One of my favourite examples here is in the use of satellite imagery combined with AI. Several organisations are using computer vision with increasingly sophisticated models built to detect deforestation, predict wildfires, or recommend the right amount of fertiliser and irrigation to farmers in water-stressed areas. Digital tools, often with very simple interfaces like text messages, can help individuals combine their local knowledge with global interconnected insights.
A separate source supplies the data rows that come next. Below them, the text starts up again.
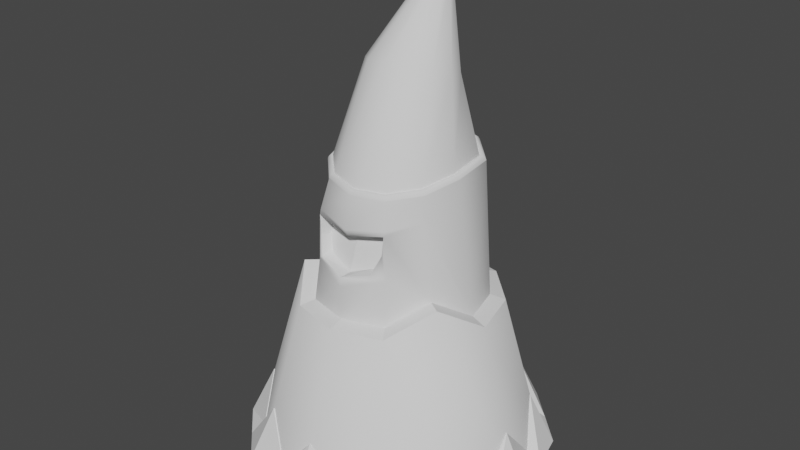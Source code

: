 # Source: skull_crusher.blend  (saved by Blender 2.92.15; exported with 4.5.12 LTS)
import bpy
from mathutils import Matrix  # noqa: F401  (used for matrix-valued properties, if any)

bpy.ops.wm.read_factory_settings(use_empty=True)
scene = bpy.context.scene
scene.name = 'Scene'

# ---- collections
col_collection = bpy.data.collections.new('Collection'); scene.collection.children.link(col_collection)

# ---- world
world_world = bpy.data.worlds.new('World'); scene.world = world_world
world_world.use_nodes = True; world_world.node_tree.nodes.clear()
_N = world_world.node_tree.nodes; _L = world_world.node_tree.links
n0 = _N.new('ShaderNodeOutputWorld'); n0.name = 'World Output'; n0.location = (300, 300)
n1 = _N.new('ShaderNodeBackground'); n1.name = 'Background'; n1.location = (10, 300)
n1.inputs[0].default_value = (0.05088, 0.05088, 0.05088, 1.0)
_L.new(n1.outputs[0], n0.inputs[0])
n0.is_active_output = True
world_world.color = (0.05088, 0.05088, 0.05088)
world_world.use_sun_shadow = False
world_world.sun_shadow_jitter_overblur = 0.0

# ---- meshes
me_cone = bpy.data.meshes.new('Cone')
me_cone.from_pydata([(0.001499, 0.353, 0.4502), (0.1814, 0.3113, 0.4305), (0.3148, -0.004964, 0.3875), (0.3127, 0.181, 0.4104), (0.158, -0.299, 0.3456), (0.2722, -0.1862, 0.3644), (-0.151, -0.2952, 0.3595), (0.001837, -0.3397, 0.3427), (-0.3046, -0.008142, 0.4081), (-0.2619, -0.1847, 0.381), (-0.1756, 0.304, 0.447), (-0.3032, 0.1736, 0.4336), (0.1592, -0.2607, 0.1736), (0.003209, -0.289, 0.1514), (0.003136, -0.4089, -0.0132), (-0.1573, -0.2648, 0.1628), (0.1253, -0.315, 0.03375), (-0.1296, -0.3142, 0.02785), (0.3544, 0.1897, -0.2326), (-0.4058, -0.01309, -0.2456), (0.003437, -0.4124, -0.2145), (0.4089, -0.01298, -0.2332), (-0.3491, 0.1905, -0.2386), (-0.1969, -0.3598, -0.2178), (0.3214, -0.1956, -0.1123), (0.2049, 0.3361, -0.2253), (-0.2002, 0.3397, -0.2391), (-0.32, -0.1986, -0.1305), (0.2021, -0.3569, -0.2077), (0.002708, -0.3566, 0.1612), (0.1737, -0.3283, 0.2011), (0.1336, -0.3653, 0.02604), (0.002801, -0.3443, -0.01469), (-0.138, -0.3645, 0.01981), (-0.1742, -0.335, 0.1966), (0.003499, 0.3945, -0.2399), (0.1863, -0.3286, 0.000292), (0.003203, -0.4128, -0.05812), (-0.1837, -0.335, -0.01346), (-0.1725, -0.331, 0.221), (0.002621, -0.372, 0.1965), (0.1722, -0.3218, 0.2211), (0.1863, -0.3286, 0.000292), (0.2716, -0.1916, 0.2071), (-0.2649, -0.1907, 0.2005), (-0.2599, -0.1875, 0.2303), (0.2662, -0.1883, 0.2383), (0.1681, -0.3334, 0.1136), (-0.1651, -0.3363, 0.1082), (0.1566, -0.2879, 0.1037), (-0.1525, -0.2895, 0.09531)], [], [(29, 30, 41, 40), (29, 40, 39, 34), (18, 25, 1, 3), (24, 21, 2, 5, 46, 43), (20, 28, 36, 37), (27, 23, 38, 34, 44), (22, 19, 8, 11), (26, 22, 11, 10), (25, 35, 0, 1), (21, 18, 3, 2), (28, 24, 43, 30, 36), (23, 20, 37, 38), (19, 27, 44, 45, 9, 8), (35, 26, 10, 0), (13, 12, 30, 29), (49, 16, 31, 47), (16, 32, 14, 31), (32, 17, 33, 14), (50, 15, 34, 48), (15, 13, 29, 34), (37, 36, 30, 47, 31, 14), (38, 37, 14, 33, 48, 34), (39, 40, 7, 6), (40, 41, 4, 7), (30, 43, 46, 41), (44, 34, 39, 45), (45, 39, 6, 9), (41, 46, 5, 4), (17, 50, 48, 33), (12, 49, 47, 30)])
me_cone.polygons.foreach_set('use_smooth', [1, 1, 1, 1, 1, 1, 1, 1, 1, 1, 1, 1, 1, 1, 0, 0, 0, 0, 0, 0, 1, 1, 1, 1, 1, 1, 1, 1, 0, 0])
_uv = me_cone.uv_layers.new(name='UVMap')
_uv.uv.foreach_set('vector', [0.25, 0.133, 0.3072, 0.1509, 0.3056, 0.1536, 0.25, 0.1368, 0.25, 0.133, 0.25, 0.1368, 0.1937, 0.1525, 0.1919, 0.1493, 0.3877, 0.3295, 0.3291, 0.387, 0.2963, 0.3302, 0.3301, 0.2963, 0.3749, 0.1779, 0.4091, 0.25, 0.3427, 0.25, 0.3301, 0.2037, 0.3447, 0.1953, 0.3476, 0.1936, 0.25, 0.09317, 0.328, 0.1149, 0.317, 0.134, 0.25, 0.1098, 0.1232, 0.1768, 0.1714, 0.1138, 0.1812, 0.1309, 0.1919, 0.1493, 0.1528, 0.1939, 0.1116, 0.3299, 0.08934, 0.25, 0.1592, 0.25, 0.1716, 0.2953, 0.1701, 0.3884, 0.1116, 0.3299, 0.1716, 0.2953, 0.2044, 0.329, 0.3291, 0.387, 0.25, 0.4099, 0.25, 0.3416, 0.2963, 0.3302, 0.4091, 0.25, 0.3877, 0.3295, 0.3301, 0.2963, 0.3427, 0.25, 0.328, 0.1149, 0.3749, 0.1779, 0.3476, 0.1936, 0.3072, 0.1509, 0.317, 0.134, 0.1714, 0.1138, 0.25, 0.09317, 0.25, 0.1098, 0.1812, 0.1309, 0.08934, 0.25, 0.1232, 0.1768, 0.1528, 0.1939, 0.1555, 0.1954, 0.1719, 0.2049, 0.1592, 0.25, 0.25, 0.4099, 0.1701, 0.3884, 0.2044, 0.329, 0.25, 0.3416, 0.2501, 0.132, 0.3028, 0.1485, 0.3072, 0.1509, 0.25, 0.133, 0.2971, 0.1396, 0.2913, 0.1306, 0.2941, 0.1305, 0.3006, 0.1407, 0.2913, 0.1306, 0.25, 0.1156, 0.25, 0.1146, 0.2941, 0.1305, 0.25, 0.1156, 0.2052, 0.1309, 0.2024, 0.1308, 0.25, 0.1146, 0.2006, 0.139, 0.196, 0.1472, 0.1919, 0.1493, 0.1971, 0.1401, 0.196, 0.1472, 0.2501, 0.132, 0.25, 0.133, 0.1919, 0.1493, 0.25, 0.1098, 0.317, 0.134, 0.3072, 0.1509, 0.3006, 0.1407, 0.2941, 0.1305, 0.25, 0.1146, 0.1812, 0.1309, 0.25, 0.1098, 0.25, 0.1146, 0.2024, 0.1308, 0.1971, 0.1401, 0.1919, 0.1493, 0.1937, 0.1525, 0.25, 0.1368, 0.25, 0.1578, 0.2047, 0.1716, 0.25, 0.1368, 0.3056, 0.1536, 0.2963, 0.1698, 0.25, 0.1578, 0.3072, 0.1509, 0.3476, 0.1936, 0.3447, 0.1953, 0.3056, 0.1536, 0.1528, 0.1939, 0.1919, 0.1493, 0.1937, 0.1525, 0.1555, 0.1954, 0.1555, 0.1954, 0.1937, 0.1525, 0.2047, 0.1716, 0.1719, 0.2049, 0.3056, 0.1536, 0.3447, 0.1953, 0.3301, 0.2037, 0.2963, 0.1698, 0.2052, 0.1309, 0.2006, 0.139, 0.1971, 0.1401, 0.2024, 0.1308, 0.3028, 0.1485, 0.2971, 0.1396, 0.3006, 0.1407, 0.3072, 0.1509])
me_cone.use_remesh_fix_poles = True
me_cone.use_remesh_preserve_attributes = False
me_cone.use_mirror_vertex_groups = False
me_cone.update()
me_cone_001 = bpy.data.meshes.new('Cone.001')
me_cone_001.from_pydata([(0.1592, -0.2607, 0.1736), (0.003209, -0.289, 0.1514), (-0.1573, -0.2648, 0.1628), (0.1253, -0.315, 0.03375), (-0.1296, -0.3142, 0.02785), (0.002801, -0.3443, -0.01469), (0.1566, -0.2879, 0.1037), (-0.1525, -0.2895, 0.09531)], [], [(5, 3, 6, 0, 1), (2, 7, 4, 5, 1)])
_uv = me_cone_001.uv_layers.new(name='UVMap')
_uv.uv.foreach_set('vector', [0.25, 0.1156, 0.2913, 0.1306, 0.2971, 0.1396, 0.3028, 0.1485, 0.2501, 0.132, 0.196, 0.1472, 0.2006, 0.139, 0.2052, 0.1309, 0.25, 0.1156, 0.2501, 0.132])
me_cone_001.use_remesh_fix_poles = True
me_cone_001.use_remesh_preserve_attributes = False
me_cone_001.use_mirror_vertex_groups = False
me_cone_001.update()
me_cone_002 = bpy.data.meshes.new('Cone.002')
me_cone_002.from_pydata([(0.0001062, 0.25, 1.165), (0.2885, 0.1636, 0.4293), (-0.2806, -0.01055, 0.426), (0.00452, -0.3187, 0.365), (0.2905, -0.007962, 0.4061), (-0.2786, 0.1572, 0.4514), (-0.1363, -0.2781, 0.3799), (0.2511, -0.1767, 0.3848), (0.1689, 0.2837, 0.4481), (-0.1604, 0.2779, 0.4639), (-0.2408, -0.1752, 0.4001), (0.1462, -0.2807, 0.3675), (0.003697, 0.3222, 0.4663), (-0.1732, -0.03278, 0.821), (0.2031, 0.07137, 0.7969), (0.1018, -0.09422, 0.8434), (-0.1723, 0.1651, 0.7744), (-0.09728, -0.1028, 0.8408), (0.00284, 0.2648, 0.75), (0.1751, -0.02422, 0.8243), (0.1761, 0.1685, 0.7723), (0.1027, 0.2412, 0.7575), (-0.1995, 0.06842, 0.7994), (-0.09822, 0.2383, 0.7563), (0.003392, -0.1266, 0.8451), (0.0007141, 0.1774, 1.144), (0.05369, 0.2006, 1.135), (-0.05213, 0.2011, 1.137), (0.0007205, 0.2921, 1.111), (0.05847, 0.2594, 1.121), (0.06389, 0.2297, 1.13), (0.03616, 0.2833, 1.112), (0.02987, 0.1829, 1.141), (-0.06392, 0.2279, 1.129), (-0.05557, 0.2595, 1.128), (-0.03387, 0.2829, 1.117), (-0.02868, 0.1822, 1.142)], [], [(8, 12, 18, 21), (4, 1, 20, 14), (11, 7, 19, 15), (6, 3, 24, 17), (2, 10, 13, 22), (12, 9, 23, 18), (1, 8, 21, 20), (7, 4, 14, 19), (3, 11, 15, 24), (10, 6, 17, 13), (5, 2, 22, 16), (9, 5, 16, 23), (19, 14, 30, 26), (13, 17, 36, 27), (23, 16, 34, 35), (21, 18, 28, 31), (15, 19, 26, 32), (22, 13, 27, 33), (20, 21, 31, 29), (24, 15, 32, 25), (16, 22, 33, 34), (14, 20, 29, 30), (17, 24, 25, 36), (18, 23, 35, 28), (28, 35, 0), (26, 30, 0), (35, 34, 0), (32, 26, 0), (29, 31, 0), (34, 33, 0), (36, 25, 0), (27, 36, 0), (31, 28, 0), (33, 27, 0), (25, 32, 0), (30, 29, 0)])
me_cone_002.polygons.foreach_set('use_smooth', [True] * 36)
_uv = me_cone_002.uv_layers.new(name='UVMap')
_uv.uv.foreach_set('vector', [0.2948, 0.3269, 0.2506, 0.3382, 0.2503, 0.3021, 0.2761, 0.2949, 0.3392, 0.25, 0.3272, 0.2944, 0.2953, 0.276, 0.3022, 0.25, 0.2947, 0.1729, 0.3271, 0.2054, 0.295, 0.224, 0.276, 0.2051, 0.2071, 0.174, 0.2507, 0.1615, 0.2504, 0.1977, 0.2243, 0.2044, 0.1627, 0.25, 0.1749, 0.2067, 0.2047, 0.2238, 0.1979, 0.25, 0.2506, 0.3382, 0.2065, 0.3262, 0.2241, 0.2953, 0.2503, 0.3021, 0.3272, 0.2944, 0.2948, 0.3269, 0.2761, 0.2949, 0.2953, 0.276, 0.3271, 0.2054, 0.3392, 0.25, 0.3022, 0.25, 0.295, 0.224, 0.2507, 0.1615, 0.2947, 0.1729, 0.276, 0.2051, 0.2504, 0.1977, 0.1749, 0.2067, 0.2071, 0.174, 0.2243, 0.2044, 0.2047, 0.2238, 0.1747, 0.2936, 0.1627, 0.25, 0.1979, 0.25, 0.2049, 0.2761, 0.2065, 0.3262, 0.1747, 0.2936, 0.2049, 0.2761, 0.2241, 0.2953, 0.295, 0.224, 0.3022, 0.25, 0.261, 0.25, 0.2592, 0.2447, 0.2047, 0.2238, 0.2243, 0.2044, 0.245, 0.2411, 0.241, 0.2448, 0.2241, 0.2953, 0.2049, 0.2761, 0.2404, 0.2556, 0.2441, 0.2603, 0.2761, 0.2949, 0.2503, 0.3021, 0.2501, 0.2624, 0.2562, 0.2606, 0.276, 0.2051, 0.295, 0.224, 0.2592, 0.2447, 0.2551, 0.2411, 0.1979, 0.25, 0.2047, 0.2238, 0.241, 0.2448, 0.2389, 0.25, 0.2953, 0.276, 0.2761, 0.2949, 0.2562, 0.2606, 0.2601, 0.2558, 0.2504, 0.1977, 0.276, 0.2051, 0.2551, 0.2411, 0.2501, 0.24, 0.2049, 0.2761, 0.1979, 0.25, 0.2389, 0.25, 0.2404, 0.2556, 0.3022, 0.25, 0.2953, 0.276, 0.2601, 0.2558, 0.261, 0.25, 0.2243, 0.2044, 0.2504, 0.1977, 0.2501, 0.24, 0.245, 0.2411, 0.2503, 0.3021, 0.2241, 0.2953, 0.2441, 0.2603, 0.2501, 0.2624, 0.2501, 0.2624, 0.2441, 0.2603, 0.25, 0.25, 0.2592, 0.2447, 0.261, 0.25, 0.25, 0.25, 0.2441, 0.2603, 0.2404, 0.2556, 0.25, 0.25, 0.2551, 0.2411, 0.2592, 0.2447, 0.25, 0.25, 0.2601, 0.2558, 0.2562, 0.2606, 0.25, 0.25, 0.2404, 0.2556, 0.2389, 0.25, 0.25, 0.25, 0.245, 0.2411, 0.2501, 0.24, 0.25, 0.25, 0.241, 0.2448, 0.245, 0.2411, 0.25, 0.25, 0.2562, 0.2606, 0.2501, 0.2624, 0.25, 0.25, 0.2389, 0.25, 0.241, 0.2448, 0.25, 0.25, 0.2501, 0.24, 0.2551, 0.2411, 0.25, 0.25, 0.261, 0.25, 0.2601, 0.2558, 0.25, 0.25])
me_cone_002.use_remesh_fix_poles = True
me_cone_002.use_remesh_preserve_attributes = False
me_cone_002.use_mirror_vertex_groups = False
me_cone_002.update()
me_cone_003 = bpy.data.meshes.new('Cone.003')
me_cone_003.from_pydata([(0.2885, 0.1636, 0.4293), (-0.2806, -0.01055, 0.426), (0.00452, -0.3187, 0.365), (0.2905, -0.007962, 0.4061), (0.001499, 0.353, 0.4502), (-0.2786, 0.1572, 0.4514), (-0.1363, -0.2781, 0.3799), (0.2511, -0.1767, 0.3848), (0.1689, 0.2837, 0.4481), (-0.1604, 0.2779, 0.4639), (-0.2408, -0.1752, 0.4001), (0.1462, -0.2807, 0.3675), (0.1814, 0.3113, 0.4305), (0.003697, 0.3222, 0.4663), (0.3148, -0.004964, 0.3875), (0.3127, 0.181, 0.4104), (0.158, -0.299, 0.3456), (0.2722, -0.1862, 0.3644), (-0.151, -0.2952, 0.3595), (0.001837, -0.3397, 0.3427), (-0.3046, -0.008142, 0.4081), (-0.2619, -0.1847, 0.381), (-0.1756, 0.304, 0.447), (-0.3032, 0.1736, 0.4336), (0.1786, 0.3036, 0.4429), (0.002017, 0.3446, 0.4623), (0.3094, -0.006831, 0.399), (0.3074, 0.1757, 0.4231), (0.1554, -0.2961, 0.3578), (0.2676, -0.1852, 0.3763), (-0.1477, -0.2923, 0.3714), (0.002303, -0.336, 0.355), (-0.2987, -0.01003, 0.4194), (-0.2567, -0.1838, 0.3926), (-0.172, 0.2964, 0.4592), (-0.2973, 0.1684, 0.446), (0.1721, 0.2888, 0.4517), (0.003562, 0.3281, 0.4702), (0.2962, -0.008345, 0.4085), (0.2942, 0.1663, 0.4326), (0.1491, -0.2859, 0.3691), (0.2561, -0.1799, 0.3868), (-0.1393, -0.2833, 0.3817), (0.004399, -0.3247, 0.3665), (-0.2861, -0.0109, 0.4285), (-0.2456, -0.1784, 0.4023), (-0.1637, 0.2829, 0.4676), (-0.2841, 0.1599, 0.4549)], [], [(37, 36, 24, 25), (39, 38, 26, 27), (41, 40, 28, 29), (43, 42, 30, 31), (45, 44, 32, 33), (46, 37, 25, 34), (36, 39, 27, 24), (38, 41, 29, 26), (40, 43, 31, 28), (42, 45, 33, 30), (44, 47, 35, 32), (47, 46, 34, 35), (25, 24, 12, 4), (27, 26, 14, 15), (29, 28, 16, 17), (31, 30, 18, 19), (33, 32, 20, 21), (34, 25, 4, 22), (24, 27, 15, 12), (26, 29, 17, 14), (28, 31, 19, 16), (30, 33, 21, 18), (32, 35, 23, 20), (35, 34, 22, 23), (36, 37, 13, 8), (38, 39, 0, 3), (40, 41, 7, 11), (42, 43, 2, 6), (44, 45, 10, 1), (37, 46, 9, 13), (39, 36, 8, 0), (41, 38, 3, 7), (43, 40, 11, 2), (45, 42, 6, 10), (47, 44, 1, 5), (46, 47, 5, 9)])
me_cone_003.polygons.foreach_set('use_smooth', [True] * 36)
_uv = me_cone_003.uv_layers.new(name='UVMap')
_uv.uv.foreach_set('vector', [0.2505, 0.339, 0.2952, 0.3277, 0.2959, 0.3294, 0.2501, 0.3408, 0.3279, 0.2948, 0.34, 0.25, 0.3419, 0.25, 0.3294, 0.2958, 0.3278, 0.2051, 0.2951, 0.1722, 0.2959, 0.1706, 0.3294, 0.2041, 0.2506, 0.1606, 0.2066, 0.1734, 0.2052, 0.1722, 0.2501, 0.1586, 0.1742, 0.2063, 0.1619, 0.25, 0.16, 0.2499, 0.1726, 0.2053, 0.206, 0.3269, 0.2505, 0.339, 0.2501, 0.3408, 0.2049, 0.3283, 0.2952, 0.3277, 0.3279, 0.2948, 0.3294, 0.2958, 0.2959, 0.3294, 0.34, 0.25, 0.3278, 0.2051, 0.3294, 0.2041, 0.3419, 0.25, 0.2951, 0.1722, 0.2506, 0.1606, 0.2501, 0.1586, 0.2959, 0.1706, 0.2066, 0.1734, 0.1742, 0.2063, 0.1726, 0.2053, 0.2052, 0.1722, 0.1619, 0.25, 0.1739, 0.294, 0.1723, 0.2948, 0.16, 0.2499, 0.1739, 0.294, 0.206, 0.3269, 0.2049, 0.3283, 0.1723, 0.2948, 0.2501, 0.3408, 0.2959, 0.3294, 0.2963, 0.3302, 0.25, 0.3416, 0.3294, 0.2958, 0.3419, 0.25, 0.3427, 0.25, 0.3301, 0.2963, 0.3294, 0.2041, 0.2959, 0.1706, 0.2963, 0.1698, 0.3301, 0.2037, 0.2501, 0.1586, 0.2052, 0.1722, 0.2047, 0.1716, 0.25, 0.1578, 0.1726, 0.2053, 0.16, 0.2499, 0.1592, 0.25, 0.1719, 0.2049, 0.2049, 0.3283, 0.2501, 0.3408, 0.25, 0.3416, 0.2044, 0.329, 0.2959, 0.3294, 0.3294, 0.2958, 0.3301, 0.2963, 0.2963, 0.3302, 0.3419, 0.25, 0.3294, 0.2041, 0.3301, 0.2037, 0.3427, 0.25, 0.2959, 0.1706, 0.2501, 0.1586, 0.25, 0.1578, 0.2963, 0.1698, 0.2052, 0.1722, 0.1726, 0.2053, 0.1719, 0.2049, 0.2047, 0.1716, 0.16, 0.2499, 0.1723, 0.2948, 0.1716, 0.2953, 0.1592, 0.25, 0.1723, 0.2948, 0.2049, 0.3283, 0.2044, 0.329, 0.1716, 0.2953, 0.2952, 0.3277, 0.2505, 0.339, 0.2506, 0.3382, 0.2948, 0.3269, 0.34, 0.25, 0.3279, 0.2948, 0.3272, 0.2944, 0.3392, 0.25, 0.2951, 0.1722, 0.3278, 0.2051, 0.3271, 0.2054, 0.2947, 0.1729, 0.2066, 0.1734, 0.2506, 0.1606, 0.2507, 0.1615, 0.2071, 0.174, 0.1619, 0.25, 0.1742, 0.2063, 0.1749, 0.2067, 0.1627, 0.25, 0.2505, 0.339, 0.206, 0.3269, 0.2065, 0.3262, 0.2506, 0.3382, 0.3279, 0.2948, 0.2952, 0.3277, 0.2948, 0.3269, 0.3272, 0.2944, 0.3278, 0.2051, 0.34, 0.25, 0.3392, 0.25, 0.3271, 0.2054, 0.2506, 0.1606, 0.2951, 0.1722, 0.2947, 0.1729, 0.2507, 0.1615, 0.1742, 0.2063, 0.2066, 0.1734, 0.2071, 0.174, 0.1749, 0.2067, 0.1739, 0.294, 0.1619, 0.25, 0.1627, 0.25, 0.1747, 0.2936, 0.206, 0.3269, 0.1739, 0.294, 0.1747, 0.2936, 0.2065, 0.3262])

Currently the technology uses huge amounts of energy, and has regularly been said to have an alarming carbon footprint. Is it really worth it for the analysis it can offer up?
AI’s energy and water consumption is significant, and we clearly have to match investment in new AI data centres with investment in renewable energy.
However, it is hard to imagine us achieving the change that a circular economy requires without the help of AI. We need to redesign products, business models and entire supply chains for a world which aligns commercial and environmental objectives. CEOs who are used to thinking about their customers need to consider everyone who could be affected by the manufacture and use of that product. CFOs who are adept at measuring the financial health of their business must also consider the health of the ecosystems they rely on.
We recently undertook research to quantify how collaborating with AI can address divergent and complex sustainability challenges, revealing that AI collaboration can increase innovation in the design of sustainable products and services by 56%. The value of AI’s imaginative abilities in problem-solving for the climate crisis should not be underestimated.